• **WHAT IS BEING ASKED**:
What you need to do is retype every entry exactly as written.

• **PROVIDED RECORDS**:
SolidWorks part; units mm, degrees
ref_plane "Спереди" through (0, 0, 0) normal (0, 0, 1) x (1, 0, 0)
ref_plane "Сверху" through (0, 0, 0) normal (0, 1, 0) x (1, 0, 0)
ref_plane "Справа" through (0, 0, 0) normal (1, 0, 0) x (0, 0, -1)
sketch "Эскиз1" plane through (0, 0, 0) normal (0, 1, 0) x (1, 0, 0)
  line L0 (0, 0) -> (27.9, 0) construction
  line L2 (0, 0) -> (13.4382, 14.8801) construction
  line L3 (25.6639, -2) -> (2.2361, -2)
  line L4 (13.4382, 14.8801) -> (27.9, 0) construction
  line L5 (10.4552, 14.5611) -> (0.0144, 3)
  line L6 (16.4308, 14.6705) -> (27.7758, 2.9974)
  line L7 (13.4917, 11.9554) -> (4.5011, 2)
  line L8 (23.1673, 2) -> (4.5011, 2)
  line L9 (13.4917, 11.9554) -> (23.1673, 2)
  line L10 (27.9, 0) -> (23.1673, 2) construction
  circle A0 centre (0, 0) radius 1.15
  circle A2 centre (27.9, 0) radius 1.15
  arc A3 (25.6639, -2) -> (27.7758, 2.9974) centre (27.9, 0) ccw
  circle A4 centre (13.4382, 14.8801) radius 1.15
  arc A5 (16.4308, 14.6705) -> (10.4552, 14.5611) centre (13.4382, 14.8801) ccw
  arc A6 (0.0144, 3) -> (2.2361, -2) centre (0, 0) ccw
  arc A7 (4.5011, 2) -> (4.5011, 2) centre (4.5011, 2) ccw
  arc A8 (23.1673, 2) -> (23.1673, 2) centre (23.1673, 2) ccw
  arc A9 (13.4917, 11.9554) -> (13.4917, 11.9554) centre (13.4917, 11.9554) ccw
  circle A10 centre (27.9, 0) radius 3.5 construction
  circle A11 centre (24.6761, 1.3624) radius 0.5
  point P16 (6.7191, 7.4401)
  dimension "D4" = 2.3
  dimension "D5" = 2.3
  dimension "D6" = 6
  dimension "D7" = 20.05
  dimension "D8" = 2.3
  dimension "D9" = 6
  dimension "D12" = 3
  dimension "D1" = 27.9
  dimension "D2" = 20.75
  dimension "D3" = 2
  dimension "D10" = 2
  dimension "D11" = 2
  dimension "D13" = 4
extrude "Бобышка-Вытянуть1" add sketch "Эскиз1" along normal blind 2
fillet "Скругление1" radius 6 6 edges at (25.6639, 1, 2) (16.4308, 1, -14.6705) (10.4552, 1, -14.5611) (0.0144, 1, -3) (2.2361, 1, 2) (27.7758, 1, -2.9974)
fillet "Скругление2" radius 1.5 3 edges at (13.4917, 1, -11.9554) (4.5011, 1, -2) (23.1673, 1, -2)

• **TASK ANSWER**:
SolidWorks part; units mm, degrees
ref_plane "Спереди" through (0, 0, 0) normal (0, 0, 1) x (1, 0, 0)
ref_plane "Сверху" through (0, 0, 0) normal (0, 1, 0) x (1, 0, 0)
ref_plane "Справа" through (0, 0, 0) normal (1, 0, 0) x (0, 0, -1)
sketch "Эскиз1" plane through (0, 0, 0) normal (0, 1, 0) x (1, 0, 0)
  line L0 (0, 0) -> (27.9, 0) construction
  line L2 (0, 0) -> (13.4382, 14.8801) construction
  line L3 (25.6639, -2) -> (2.2361, -2)
  line L4 (13.4382, 14.8801) -> (27.9, 0) construction
  line L5 (10.4552, 14.5611) -> (0.0144, 3)
  line L6 (16.4308, 14.6705) -> (27.7758, 2.9974)
  line L7 (13.4917, 11.9554) -> (4.5011, 2)
  line L8 (23.1673, 2) -> (4.5011, 2)
  line L9 (13.4917, 11.9554) -> (23.1673, 2)
  line L10 (27.9, 0) -> (23.1673, 2) construction
  circle A0 centre (0, 0) radius 1.15
  circle A2 centre (27.9, 0) radius 1.15
  arc A3 (25.6639, -2) -> (27.7758, 2.9974) centre (27.9, 0) ccw
  circle A4 centre (13.4382, 14.8801) radius 1.15
  arc A5 (16.4308, 14.6705) -> (10.4552, 14.5611) centre (13.4382, 14.8801) ccw
  arc A6 (0.0144, 3) -> (2.2361, -2) centre (0, 0) ccw
  arc A7 (4.5011, 2) -> (4.5011, 2) centre (4.5011, 2) ccw
  arc A8 (23.1673, 2) -> (23.1673, 2) centre (23.1673, 2) ccw
  arc A9 (13.4917, 11.9554) -> (13.4917, 11.9554) centre (13.4917, 11.9554) ccw
  circle A10 centre (27.9, 0) radius 3.5 construction
  circle A11 centre (24.6761, 1.3624) radius 0.5
  point P16 (6.7191, 7.4401)
  dimension "D4" = 2.3
  dimension "D5" = 2.3
  dimension "D6" = 6
  dimension "D7" = 20.05
  dimension "D8" = 2.3
  dimension "D9" = 6
  dimension "D12" = 3
  dimension "D1" = 27.9
  dimension "D2" = 20.75
  dimension "D3" = 2
  dimension "D10" = 2
  dimension "D11" = 2
  dimension "D13" = 4
extrude "Бобышка-Вытянуть1" add sketch "Эскиз1" along normal blind 2
fillet "Скругление1" radius 6 6 edges at (25.6639, 1, 2) (16.4308, 1, -14.6705) (10.4552, 1, -14.5611) (0.0144, 1, -3) (2.2361, 1, 2) (27.7758, 1, -2.9974)
fillet "Скругление2" radius 1.5 3 edges at (13.4917, 1, -11.9554) (4.5011, 1, -2) (23.1673, 1, -2)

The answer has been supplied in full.